The current systematic review and meta-analysis was registered with PROSPERO (CRD42022314492), an international database of prospectively registered systematic reviews in health and social care. The protocol has been developed based on the Preferred Reporting Items for Systematic Reviews and Meta-Analyses-Protocol (PRISMA-P) checklist. We will search CINAHL (via EBESCO), EBESCO, EMBASE, Google Scholar, Medline (via EBESCO) PubMed, the Cochrane Central Register and the Web-of-Science for any pharmacist’s prescribing type of interventions (randomized controlled trials, interrupted time-series and cost-benefit analysis) using specific Medical Subheadings (MeSH) terms published between January 2000 and March 2022, since pharmacist prescribing was initiated after the millennium. We will search for RCT-s published in English language (full article) and indexed in Scopus journals data-base.
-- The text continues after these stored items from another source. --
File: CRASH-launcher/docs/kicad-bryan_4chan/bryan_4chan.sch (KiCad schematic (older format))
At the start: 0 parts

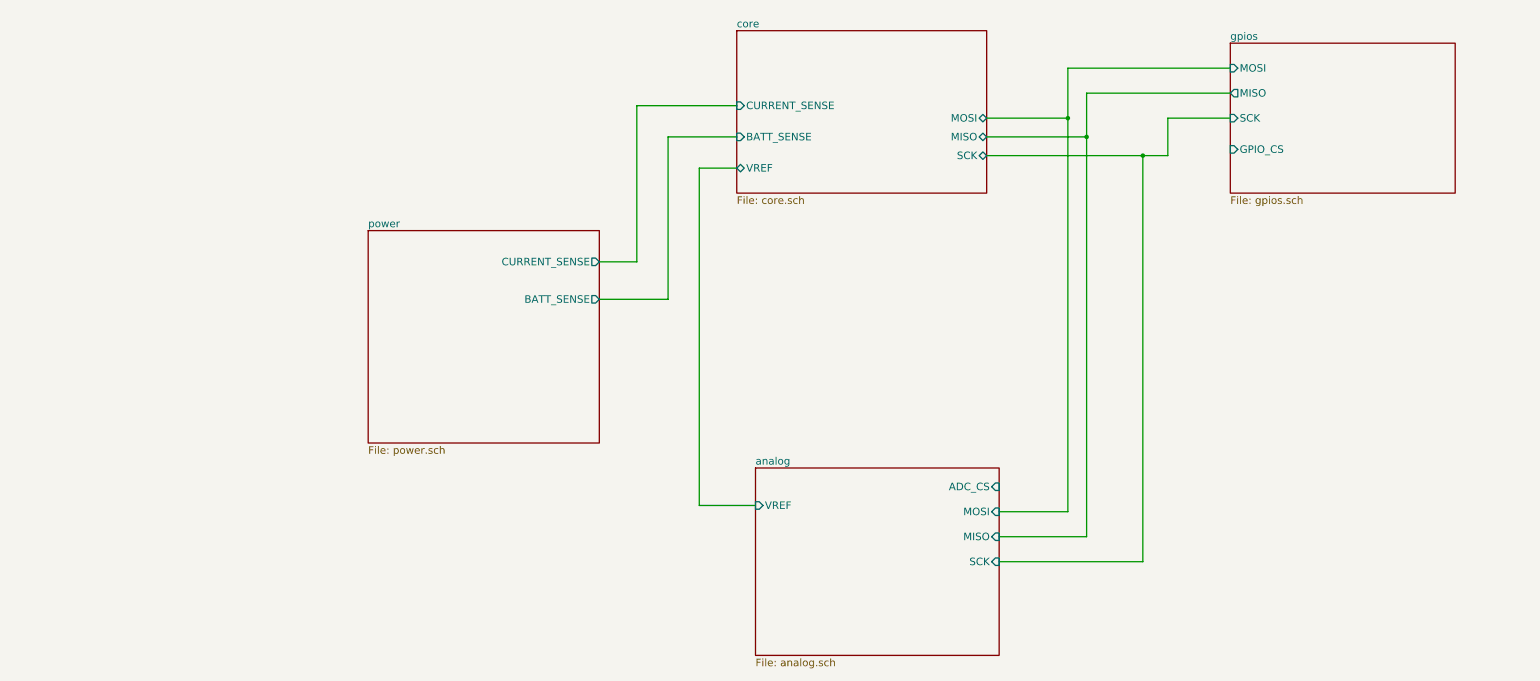
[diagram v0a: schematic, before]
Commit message: 
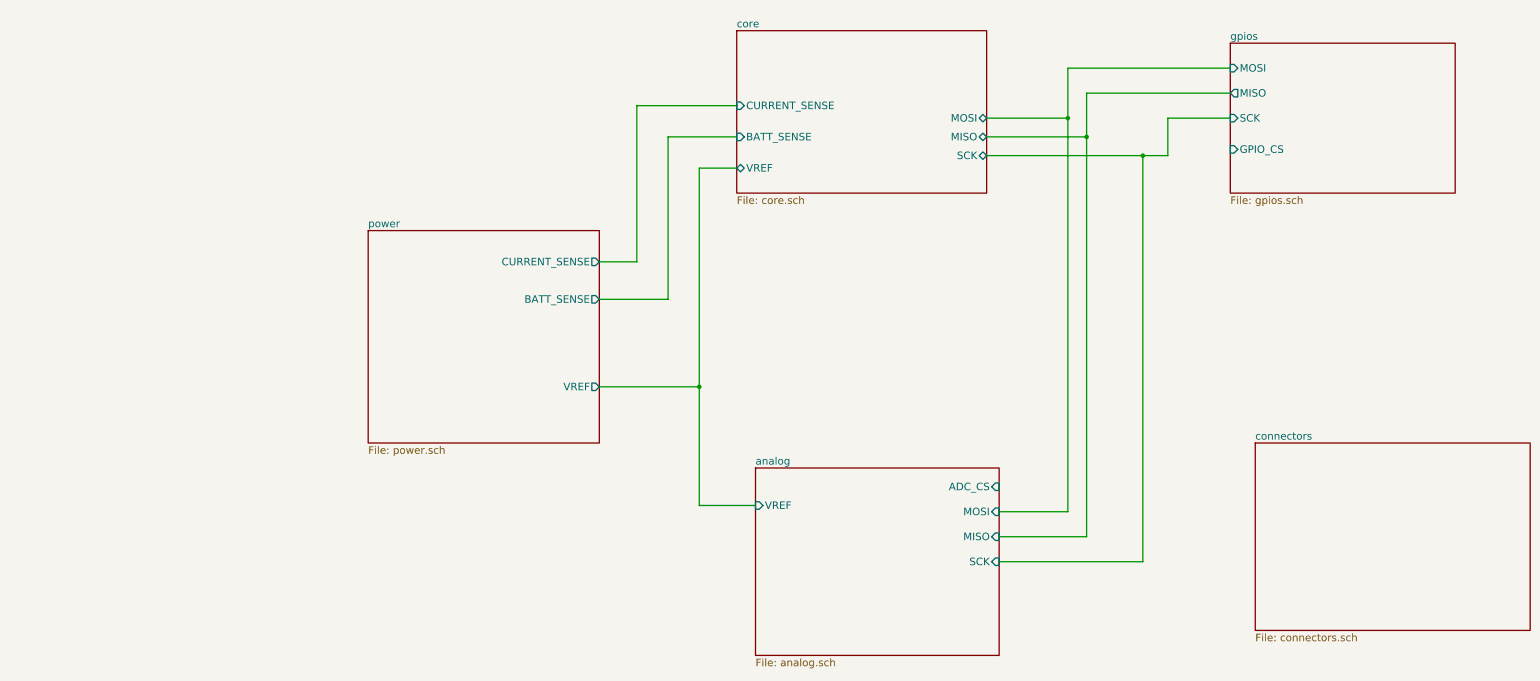
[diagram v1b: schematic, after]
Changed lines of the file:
@@
-EESchema Schematic File Version 2  date Mon 20 Feb 2012 05:21:35 PM MST
+EESchema Schematic File Version 2  date Sat 05 May 2012 12:12:20 AM MDT
 LIBS:bryan_custom
 LIBS:rfm12
@@
 $Descr User 11000 8500
 encoding utf-8
-Sheet 1 5
+Sheet 1 6
 Title ""
-Date "21 feb 2012"
+Date "13 apr 2012"
 Rev ""
 Comp ""
@@
 $EndDescr
 Wire Wire Line
-	4100 4950 3650 4950
+	2850 3300 3400 3300
 Wire Wire Line
-	3650 4950 3650 2250
+	3400 3300 3400 2000
 Wire Wire Line
-	3650 2250 3950 2250
+	3400 2000 3950 2000
+Connection ~ 6600 1850
 Wire Wire Line
-	2850 3000 3150 3000
+	6050 5000 6600 5000
 Wire Wire Line
-	3150 3000 3150 1750
+	6600 5000 6600 1450
+Connection ~ 7200 2150
 Wire Wire Line
-	3150 1750 3950 1750
-Connection ~ 6750 2000
+	6050 5400 7200 5400
 Wire Wire Line
-	6750 5200 6750 1650
+	7200 5400 7200 2150
 Wire Wire Line
-	6750 5200 6050 5200
+	7900 1850 7400 1850
 Wire Wire Line
-	7900 1450 6600 1450
+	7400 1850 7400 2150
+Wire Wire Line
+	7400 2150 5950 2150
+Wire Wire Line
+	7900 1650 6750 1650
+Wire Wire Line
+	5950 2000 6750 2000
 Wire Wire Line
 	6600 1850 5950 1850
 Wire Wire Line
-	5950 2000 6750 2000
+	6600 1450 7900 1450
 Wire Wire Line
-	6750 1650 7900 1650
+	6050 5200 6750 5200
 Wire Wire Line
-	5950 2150 7400 2150
+	6750 5200 6750 1650
+Connection ~ 6750 2000
 Wire Wire Line
-	7400 2150 7400 1850
+	3950 1750 3150 1750
 Wire Wire Line
-	7400 1850 7900 1850
+	3150 1750 3150 3000
 Wire Wire Line
-	7200 2150 7200 5400
+	3150 3000 2850 3000
 Wire Wire Line
-	7200 5400 6050 5400
-Connection ~ 7200 2150
+	3950 2250 3650 2250
 Wire Wire Line
-	6600 1450 6600 5000
+	3650 2250 3650 4950
 Wire Wire Line
-	6600 5000 6050 5000
-Connection ~ 6600 1850
+	3650 4950 4100 4950
 Wire Wire Line
-	3950 2000 3400 2000
-Wire Wire Line
-	3400 2000 3400 3300
-Wire Wire Line
-	3400 3300 2850 3300
+	2850 4000 3650 4000
+Connection ~ 3650 4000
+$Sheet
+S 8100 4450 2200 1500
+U 4F865AA5
+F0 "connectors" 60
+F1 "connectors.sch" 60
+$EndSheet
 $Sheet
 S 1000 2750 1850 1700
@@
 F2 "CURRENT_SENSE" O R 2850 3000 60
 F3 " BATT_SENSE" O R 2850 3300 60
+F4 "VREF" O R 2850 4000 60
 $EndSheet
 $Sheet

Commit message: first REAL shot at PCB
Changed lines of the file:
@@
-EESchema Schematic File Version 2  date Sat 05 May 2012 12:12:20 AM MDT
+EESchema Schematic File Version 2  date Fri 08 Jun 2012 10:29:21 PM MDT
 LIBS:bryan_custom
 LIBS:rfm12
@@
 Sheet 1 6
 Title ""
-Date "13 apr 2012"
+Date "8 jun 2012"
 Rev ""
 Comp ""
@@
 $EndDescr
 Wire Wire Line
-	2850 3300 3400 3300
+	7900 1250 5950 1250
 Wire Wire Line
-	3400 3300 3400 2000
+	6050 4800 6250 4800
 Wire Wire Line
-	3400 2000 3950 2000
-Connection ~ 6600 1850
+	6250 4800 6250 2300
 Wire Wire Line
-	6050 5000 6600 5000
+	6250 2300 5950 2300
+Connection ~ 3650 4000
 Wire Wire Line
-	6600 5000 6600 1450
-Connection ~ 7200 2150
+	2850 4000 3650 4000
 Wire Wire Line
-	6050 5400 7200 5400
+	4100 4950 3650 4950
 Wire Wire Line
-	7200 5400 7200 2150
+	3650 4950 3650 2250
 Wire Wire Line
-	7900 1850 7400 1850
+	3650 2250 3950 2250
 Wire Wire Line
-	7400 1850 7400 2150
+	2850 3000 3150 3000
 Wire Wire Line
-	7400 2150 5950 2150
+	3150 3000 3150 1750
 Wire Wire Line
-	7900 1650 6750 1650
+	3150 1750 3950 1750
+Connection ~ 6750 2000
+Wire Wire Line
+	6750 5200 6750 1650
+Wire Wire Line
+	6750 5200 6050 5200
+Wire Wire Line
+	7900 1450 6600 1450
+Wire Wire Line
+	6600 1850 5950 1850
 Wire Wire Line
 	5950 2000 6750 2000
 Wire Wire Line
-	6600 1850 5950 1850
+	6750 1650 7900 1650
 Wire Wire Line
-	6600 1450 7900 1450
+	5950 2150 7400 2150
 Wire Wire Line
-	6050 5200 6750 5200
+	7400 2150 7400 1850
 Wire Wire Line
-	6750 5200 6750 1650
-Connection ~ 6750 2000
+	7400 1850 7900 1850
 Wire Wire Line
-	3950 1750 3150 1750
+	7200 2150 7200 5400
 Wire Wire Line
-	3150 1750 3150 3000
+	7200 5400 6050 5400
+Connection ~ 7200 2150
 Wire Wire Line
-	3150 3000 2850 3000
+	6600 1450 6600 5000
 Wire Wire Line
-	3950 2250 3650 2250
+	6600 5000 6050 5000
+Connection ~ 6600 1850
 Wire Wire Line
-	3650 2250 3650 4950
+	3950 2000 3400 2000
 Wire Wire Line
-	3650 4950 4100 4950
+	3400 2000 3400 3300
 Wire Wire Line
-	2850 4000 3650 4000
-Connection ~ 3650 4000
+	3400 3300 2850 3300
+Connection ~ -1850 1250
 $Sheet
 S 8100 4450 2200 1500
@@
 $EndSheet
 $Sheet
-S 7900 1250 1800 1200
+S 7900 1100 1800 1200
 U 4F25C482
 F0 "gpios" 60
@@
 F3 "MOSI" I L 7900 1450 60
 F4 "MISO" O L 7900 1650 60
-F5 "GPIO_CS" I L 7900 2100 60
+F5 "GPIO_CS" I L 7900 1250 60
 $EndSheet
 $Sheet
@@
 F6 "MISO" B R 5950 2000 60
 F7 "SCK" B R 5950 2150 60
+F8 "GPIO_CS" O R 5950 1250 60
+F9 "ADC_CS" O R 5950 2300 60
 $EndSheet
 $EndSCHEMATC

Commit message: second try at PCB layout.  this one might actually work!
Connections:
- no-connect marks 0 -> 1
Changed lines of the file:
@@
-EESchema Schematic File Version 2  date Fri 08 Jun 2012 10:29:21 PM MDT
+EESchema Schematic File Version 2  date Sun 10 Jun 2012 01:48:40 AM MDT
 LIBS:bryan_custom
 LIBS:rfm12
@@
 Sheet 1 6
 Title ""
-Date "8 jun 2012"
+Date "10 jun 2012"
 Rev ""
 Comp ""
@@
 Comment4 ""
 $EndDescr
+NoConn ~ 4950 1500
 Wire Wire Line
-	7900 1250 5950 1250
+	5950 1400 7900 1400
 Wire Wire Line
-	6050 4800 6250 4800
+	2850 3300 3400 3300
 Wire Wire Line
-	6250 4800 6250 2300
+	3400 3300 3400 2000
 Wire Wire Line
-	6250 2300 5950 2300
-Connection ~ 3650 4000
+	3400 2000 3950 2000
+Connection ~ 6600 1850
 Wire Wire Line
-	2850 4000 3650 4000
+	6050 5000 6600 5000
 Wire Wire Line
-	4100 4950 3650 4950
+	6600 5000 6600 1550
+Connection ~ 7200 2150
 Wire Wire Line
-	3650 4950 3650 2250
+	6050 5400 7200 5400
 Wire Wire Line
-	3650 2250 3950 2250
+	7200 5400 7200 2150
 Wire Wire Line
-	2850 3000 3150 3000
+	7900 1850 7400 1850
 Wire Wire Line
-	3150 3000 3150 1750
+	7400 1850 7400 2150
 Wire Wire Line
-	3150 1750 3950 1750
-Connection ~ 6750 2000
+	7400 2150 5950 2150
 Wire Wire Line
-	6750 5200 6750 1650
+	7900 1650 6750 1650
 Wire Wire Line
-	6750 5200 6050 5200
-Wire Wire Line
-	7900 1450 6600 1450
+	5950 2000 6750 2000
 Wire Wire Line
 	6600 1850 5950 1850
 Wire Wire Line
-	5950 2000 6750 2000
+	6600 1550 7900 1550
 Wire Wire Line
-	6750 1650 7900 1650
+	6050 5200 6750 5200
 Wire Wire Line
-	5950 2150 7400 2150
+	6750 5200 6750 1650
+Connection ~ 6750 2000
 Wire Wire Line
-	7400 2150 7400 1850
+	3950 1750 3150 1750
 Wire Wire Line
-	7400 1850 7900 1850
+	3150 1750 3150 3000
 Wire Wire Line
-	7200 2150 7200 5400
+	3150 3000 2850 3000
 Wire Wire Line
-	7200 5400 6050 5400
-Connection ~ 7200 2150
+	3950 2250 3650 2250
 Wire Wire Line
-	6600 1450 6600 5000
+	3650 2250 3650 4950
 Wire Wire Line
-	6600 5000 6050 5000
-Connection ~ 6600 1850
+	3650 4950 4100 4950
 Wire Wire Line
-	3950 2000 3400 2000
+	2850 4000 3650 4000
+Connection ~ 3650 4000
 Wire Wire Line
-	3400 2000 3400 3300
+	5950 2300 6250 2300
 Wire Wire Line
-	3400 3300 2850 3300
-Connection ~ -1850 1250
+	6250 2300 6250 4800
+Wire Wire Line
+	6250 4800 6050 4800
+Wire Wire Line
+	7900 1250 5950 1250
 $Sheet
 S 8100 4450 2200 1500
@@
 F1 "gpios.sch" 60
 F2 "SCK" I L 7900 1850 60
-F3 "MOSI" I L 7900 1450 60
+F3 "MOSI" I L 7900 1550 60
 F4 "MISO" O L 7900 1650 60
 F5 "GPIO_CS" I L 7900 1250 60
+F6 "GPIO_RESET" I L 7900 1400 60
 $EndSheet
 $Sheet
@@
 F8 "GPIO_CS" O R 5950 1250 60
 F9 "ADC_CS" O R 5950 2300 60
+F10 "GPIO_RESET" O R 5950 1400 60
 $EndSheet
 $EndSCHEMATC

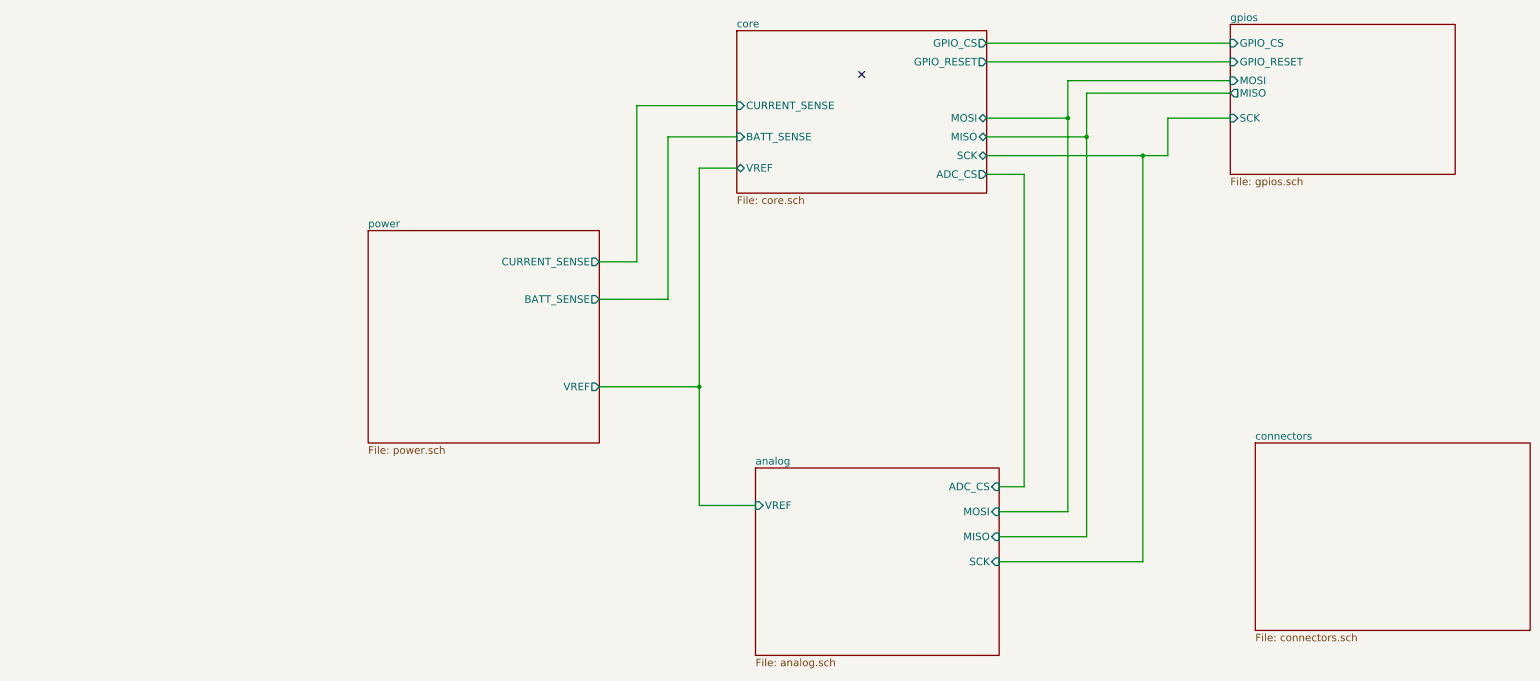
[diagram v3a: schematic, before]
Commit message: further refined PCB, it has safety switch and fire switch and lots of errors fixed!
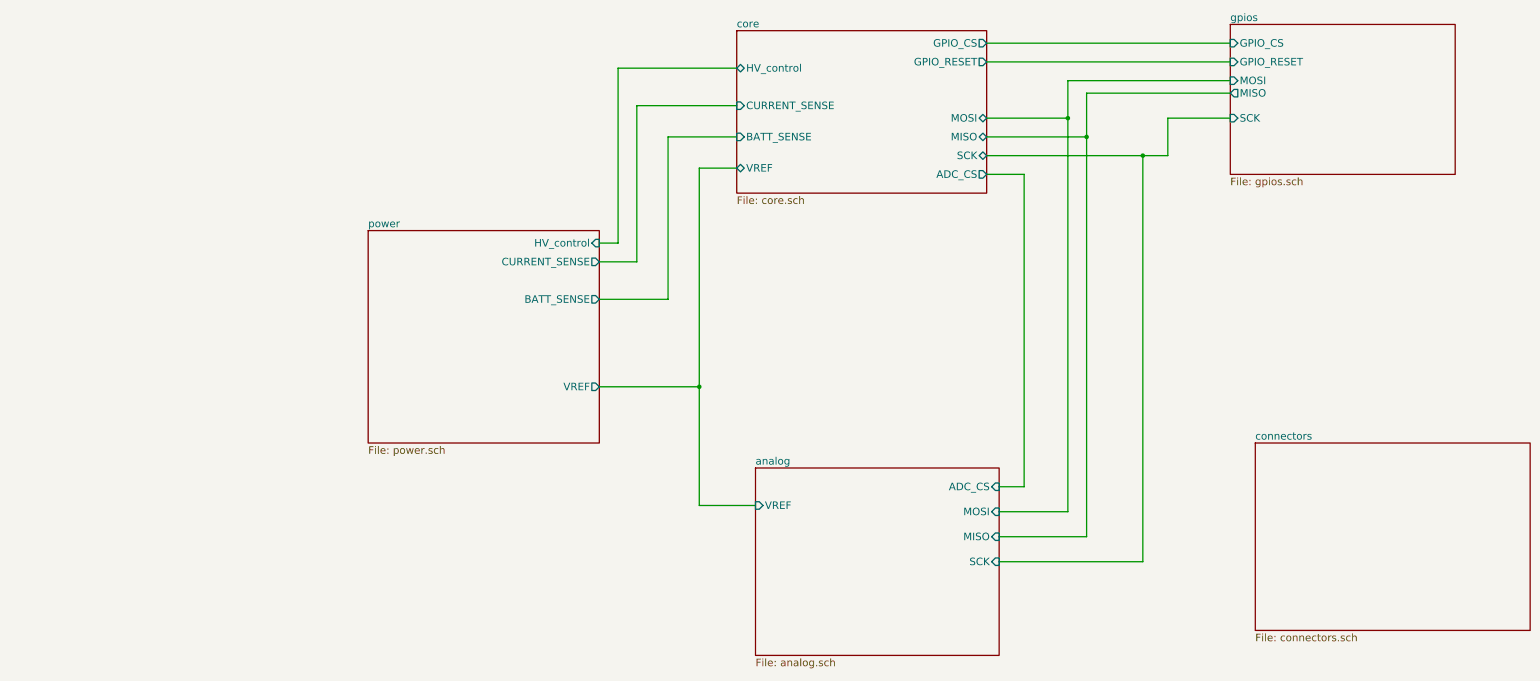
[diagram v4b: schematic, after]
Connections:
- no-connect marks 1 -> 0
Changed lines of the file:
@@
-EESchema Schematic File Version 2  date Sun 10 Jun 2012 01:48:40 AM MDT
+EESchema Schematic File Version 2  date Sun 10 Jun 2012 11:49:54 PM MDT
 LIBS:bryan_custom
 LIBS:rfm12
@@
 Sheet 1 6
 Title ""
-Date "10 jun 2012"
+Date "11 jun 2012"
 Rev ""
 Comp ""
@@
 Comment4 ""
 $EndDescr
-NoConn ~ 4950 1500
 Wire Wire Line
-	5950 1400 7900 1400
+	2850 2850 3000 2850
 Wire Wire Line
-	2850 3300 3400 3300
+	3000 2850 3000 1450
 Wire Wire Line
-	3400 3300 3400 2000
+	3000 1450 3950 1450
 Wire Wire Line
-	3400 2000 3950 2000
-Connection ~ 6600 1850
+	7900 1250 5950 1250
 Wire Wire Line
-	6050 5000 6600 5000
+	6050 4800 6250 4800
 Wire Wire Line
-	6600 5000 6600 1550
-Connection ~ 7200 2150
+	6250 4800 6250 2300
 Wire Wire Line
-	6050 5400 7200 5400
+	6250 2300 5950 2300
+Connection ~ 3650 4000
 Wire Wire Line
-	7200 5400 7200 2150
+	2850 4000 3650 4000
 Wire Wire Line
-	7900 1850 7400 1850
+	4100 4950 3650 4950
 Wire Wire Line
-	7400 1850 7400 2150
+	3650 4950 3650 2250
 Wire Wire Line
-	7400 2150 5950 2150
+	3650 2250 3950 2250
 Wire Wire Line
-	7900 1650 6750 1650
+	2850 3000 3150 3000
+Wire Wire Line
+	3150 3000 3150 1750
+Wire Wire Line
+	3150 1750 3950 1750
+Connection ~ 6750 2000
+Wire Wire Line
+	6750 5200 6750 1650
+Wire Wire Line
+	6750 5200 6050 5200
+Wire Wire Line
+	7900 1550 6600 1550
+Wire Wire Line
+	6600 1850 5950 1850
 Wire Wire Line
 	5950 2000 6750 2000
 Wire Wire Line
-	6600 1850 5950 1850
+	6750 1650 7900 1650
 Wire Wire Line
-	6600 1550 7900 1550
+	5950 2150 7400 2150
 Wire Wire Line
-	6050 5200 6750 5200
+	7400 2150 7400 1850
 Wire Wire Line
-	6750 5200 6750 1650
-Connection ~ 6750 2000
+	7400 1850 7900 1850
 Wire Wire Line
-	3950 1750 3150 1750
+	7200 2150 7200 5400
 Wire Wire Line
-	3150 1750 3150 3000
+	7200 5400 6050 5400
+Connection ~ 7200 2150
 Wire Wire Line
-	3150 3000 2850 3000
+	6600 1550 6600 5000
 Wire Wire Line
-	3950 2250 3650 2250
+	6600 5000 6050 5000
+Connection ~ 6600 1850
 Wire Wire Line
-	3650 2250 3650 4950
+	3950 2000 3400 2000
 Wire Wire Line
-	3650 4950 4100 4950
+	3400 2000 3400 3300
 Wire Wire Line
-	2850 4000 3650 4000
-Connection ~ 3650 4000
+	3400 3300 2850 3300
 Wire Wire Line
-	5950 2300 6250 2300
-Wire Wire Line
-	6250 2300 6250 4800
-Wire Wire Line
-	6250 4800 6050 4800
-Wire Wire Line
-	7900 1250 5950 1250
+	5950 1400 7900 1400
 $Sheet
 S 8100 4450 2200 1500
@@
 F3 " BATT_SENSE" O R 2850 3300 60
 F4 "VREF" O R 2850 4000 60
+F5 "HV_control" I R 2850 2850 60
 $EndSheet
 $Sheet
@@
 F9 "ADC_CS" O R 5950 2300 60
 F10 "GPIO_RESET" O R 5950 1400 60
+F11 "HV_control" B L 3950 1450 60
 $EndSheet
 $EndSCHEMATC

We will use the predefined Cochrane-approved structured modified forms specific for systematic review and meta-analysis. The relevant data-sets will be collated using the predefined Cochrane library-approved structured modified forms. The draft of the search strategy to be used for one electronic database including planned limits was shown in, [diagram flow chart, Figure 1]. The setting for the systematic review and meta-analysis will be the research lab at the Al Ain University (Abu Dhabi Campus-United Arab Emirates) and will commence from inception date to September 2022.

Figure 1.

PRISMA flow diagram

Study selection

In order to decide which studies to include in our analyses, we will conduct an extensive literature search for relevant papers. We will search by index terms for articles containing the following MeSH, (subject indexing assigned by Center for Reviews and Dissemination [CRD]): -

“ambulatory pharmacist’s prescribing, clinical pharmacist’s prescribing, collaborative prescribing, consultant pharmacist’s prescribing, clinical outcomes, dependent prescribing, independent prescribing, economic outcomes, emergency prescribing, humanistic outcomes, interrupted time-series interventions, pharmacist’s prescribing, pharmacist’s prescribing in nursing homes, randomized controlled trials, supplementary prescribing”.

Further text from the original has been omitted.